According to the fatigue damage features, fatigue damage can fall into two categories: low-cycle fatigue and high-cycle fatigue. The fatigue in wind turbine components is high-cycle fatigue. The numerical models suitable for high-cycle fatigue mainly consist of the Basqui model [24], the Langer model [25], and the three-parameter model [26]. The Basqui model, which is widely used in high-cycle fatigue, is defined as:

$$S^{m}N=C,$$

(15)

where m and C are parameters related to the surface roughness factor, safety factor, stress ratio, geometric characteristics, and so on.

The cycle times $N_i$ under different stress amplitudes can be obtained when the bolt experiences fatigue failure through the S–N curve. The Basqui model is used to produce the S–N curve in this paper. According to the GL recommendations [3] and Eurocode 3 [27], for the S–N curve of high-strength bolts, when the number of stress cycles $N<5\times {10}^6$, the slope of the curve is 3; when the number of stress cycles $N>5\times {10}^6$, the slope of the curve is 5. According to the GL recommendations, for bolts rolled after heat treatment and larger than M30, the detail category of stress amplitude is calculated as follows when the number of cycles is $2\times {10}^6$:

$$\Delta {\sigma }_{\mathrm{A},\mathrm{red}}=0.85·{(\frac{30}{d})}^{0.25}·(\frac{150}{d}+45).$$

(16)

The S–N curve of the bolt is shown in Figure 12.

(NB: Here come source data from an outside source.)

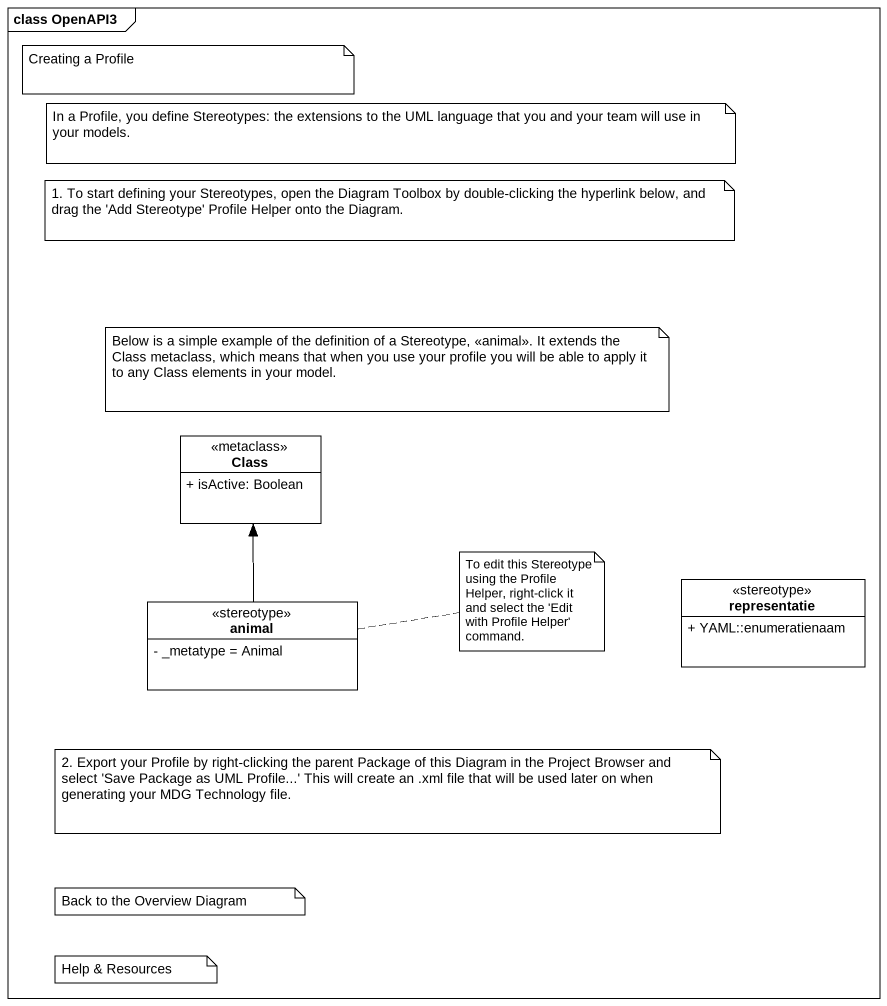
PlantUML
@startuml
mainframe class OpenAPI3
hide circle
hide empty members
skinparam classAttributeIconSize 0
class "Class" as Class_ <<metaclass>> {
  + isActive: Boolean
}
class representatie <<stereotype>> {
  + YAML::enumeratienaam
}
class animal <<stereotype>> {
  - _metatype = Animal
}
animal -up-> Class_
note as N1
  Creating a Profile
end note
note as N2
  In a Profile, you define Stereotypes: the extensions to the UML language that you and your team will use in your models.
end note
note as N3
  1. To start defining your Stereotypes, open the Diagram Toolbox by double-clicking the hyperlink below, and drag the 'Add Stereotype' Profile Helper onto the Diagram.
end note
note as N4
  Below is a simple example of the definition of a Stereotype, <<animal>>. It extends the Class metaclass, which means that when you use your profile you will be able to apply it to any Class elements in your model.
end note
note right of animal : To edit this Stereotype using the Profile Helper, right-click it and select the 'Edit with Profile Helper' command.
note as N6
  2. Export your Profile by right-clicking the parent Package of this Diagram in the Project Browser and select 'Save Package as UML Profile...' This will create an .xml file that will be used later on when generating your MDG Technology file.
end note
note as N7
  Back to the Overview Diagram
end note
note as N8
  Help & Resources
end note
@enduml

5.5. Linear Damage Cumulative Rules

Under the linear damage cumulative rules, all stress is independent and isolated in the cycle loading. The fatigue of materials is proportional to the work absorbed by the materials. The stress amplitude and average stress contribute to the same degree of failure which is linearly accumulated, ignoring the effect of the loading sequence in fatigue life evaluation. The failure of materials is assumed to occur when the cumulative damage reaches a certain level

The Palmgren–Miner linear damage accumulation hypothesis [28], which is the most widely used model, is validated by fatigue tests [29,30]. It can be expressed as:

$$D={\displaystyle \sum _{i=1}^k\frac{n_i}{N_i}}\le D_{\max }=1,$$

(17)

where $k$ is the number of different stress amplitudes, $D_{\max }$ is the accumulated damage sum when the failure of materials occurs, and $D$ is the accumulated damage within 20 years. Based on the above theory, the maximum damage to bolts was $1.2\times {10}^{-5}\le 1$ as obtained by programming the algorithm in MATLAB software (https://www.mathworks.com/), which meets the wind turbine design requirements according to GL recommendations [3].

6. Conclusions

In this paper, the strength of the main shaft-to-hub bolted connection in a wind turbine was analyzed by theoretical derivation and two different kinds of modeling methods. The fatigue life of bolts was analyzed under multiple random loads based on the simplified bolt model and fatigue theory. The conclusions are summarized as follows.

From the results of static analysis, the bolt strength analysis results of the simplified model were similar to those of the solid model, while the stress on bolts obtained by theoretical derivation were lower. However, the simplified bolt model saved nearly 60% of the computational time and 19% of the memory usage in comparison with the solid bolt model. Therefore, in terms of efficiency and validity, the simplified bolt model is a better choice in ultimate strength and fatigue life analysis of wind turbine bolts.